Please find the lines in the entries below that contain the word "unit", and copy each one.

▸ **Saved data entries**:

----------

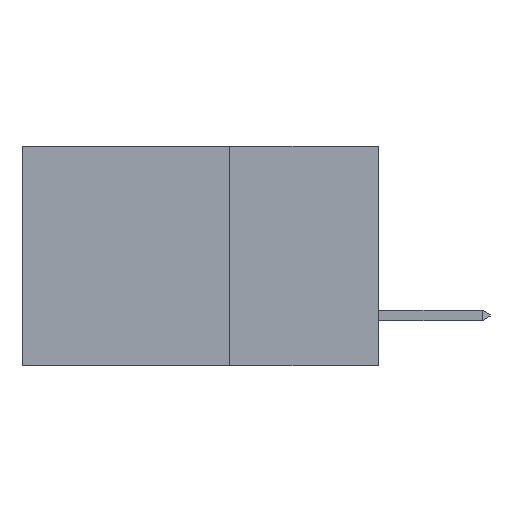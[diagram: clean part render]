
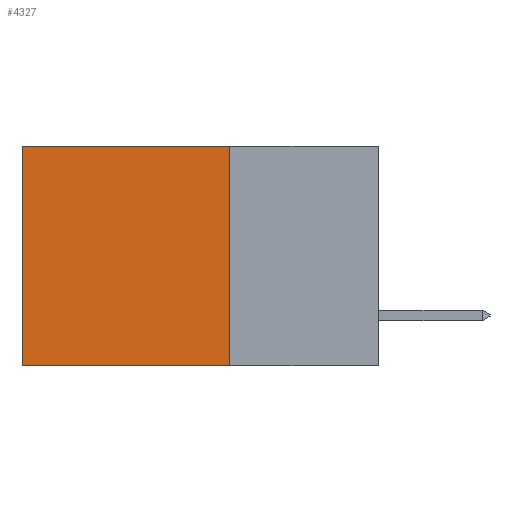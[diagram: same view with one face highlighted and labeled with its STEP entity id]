
A CAD part, left-side view. The second image highlights one B-rep face of the part: STEP entity #4327.
In plain terms, the highlighted planar face has unit normal (-1, 0, 0).
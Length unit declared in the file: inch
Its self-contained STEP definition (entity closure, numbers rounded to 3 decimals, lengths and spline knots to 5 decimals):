
#292 = CARTESIAN_POINT ( 'NONE',  ( 0.298, 0.6, 0. ) ) ;
#398 = ORIENTED_EDGE ( 'NONE', *, *, #7558, .F. ) ;
#803 = CARTESIAN_POINT ( 'NONE',  ( 0.298, 0.25, -0.37 ) ) ;
#1731 = VERTEX_POINT ( 'NONE', #292 ) ;
#1774 = LINE ( 'NONE', #9603, #13063 ) ;
#1909 = PLANE ( 'NONE',  #6850 ) ;
#1918 = DIRECTION ( 'NONE',  ( 0., 1., 0. ) ) ;
#2170 = LINE ( 'NONE', #9643, #13429 ) ;
#2291 = EDGE_CURVE ( 'NONE', #11576, #1731, #2170, .T. ) ;
#2690 = VERTEX_POINT ( 'NONE', #10910 ) ;
#2982 = CARTESIAN_POINT ( 'NONE',  ( 0.298, 0.25, 0. ) ) ;
#4133 = DIRECTION ( 'NONE',  ( 0., 0., -1. ) ) ;
#4327 = ADVANCED_FACE ( 'NONE', ( #7727 ), #1909, .F. ) ;
#5617 = VECTOR ( 'NONE', #13865, 39.37008 ) ;
#6338 = CARTESIAN_POINT ( 'NONE',  ( 0.298, 0.25, 0. ) ) ;
#6403 = ORIENTED_EDGE ( 'NONE', *, *, #2291, .T. ) ;
#6850 = AXIS2_PLACEMENT_3D ( 'NONE', #12520, #6903, #7182 ) ;
#6903 = DIRECTION ( 'NONE',  ( 1., 0., 0. ) ) ;
#7018 = EDGE_LOOP ( 'NONE', ( #10894, #398, #13542, #6403 ) ) ;
#7182 = DIRECTION ( 'NONE',  ( 0., 0., -1. ) ) ;
#7558 = EDGE_CURVE ( 'NONE', #9398, #2690, #1774, .T. ) ;
#7727 = FACE_OUTER_BOUND ( 'NONE', #7018, .T. ) ;
#9398 = VERTEX_POINT ( 'NONE', #803 ) ;
#9548 = CARTESIAN_POINT ( 'NONE',  ( 0.298, 0.6, 0. ) ) ;
#9603 = CARTESIAN_POINT ( 'NONE',  ( 0.298, 0.25, -0.37 ) ) ;
#9643 = CARTESIAN_POINT ( 'NONE',  ( 0.298, 0.25, 0. ) ) ;
#9719 = DIRECTION ( 'NONE',  ( 0., 1., 0. ) ) ;
#10393 = EDGE_CURVE ( 'NONE', #1731, #2690, #12503, .T. ) ;
#10699 = LINE ( 'NONE', #6338, #5617 ) ;
#10894 = ORIENTED_EDGE ( 'NONE', *, *, #10393, .T. ) ;
#10910 = CARTESIAN_POINT ( 'NONE',  ( 0.298, 0.6, -0.37 ) ) ;
#11576 = VERTEX_POINT ( 'NONE', #2982 ) ;
#11857 = VECTOR ( 'NONE', #4133, 39.37008 ) ;
#12503 = LINE ( 'NONE', #9548, #11857 ) ;
#12520 = CARTESIAN_POINT ( 'NONE',  ( 0.298, 0.25, 0. ) ) ;
#13063 = VECTOR ( 'NONE', #1918, 39.37008 ) ;
#13429 = VECTOR ( 'NONE', #9719, 39.37008 ) ;
#13542 = ORIENTED_EDGE ( 'NONE', *, *, #13974, .F. ) ;
#13865 = DIRECTION ( 'NONE',  ( 0., 0., -1. ) ) ;
#13974 = EDGE_CURVE ( 'NONE', #11576, #9398, #10699, .T. ) ;

----------

▸ **SOLUTION TO THIS TASK**:
In plain terms, the highlighted planar face has unit normal (-1, 0, 0).
Length unit declared in the file: inch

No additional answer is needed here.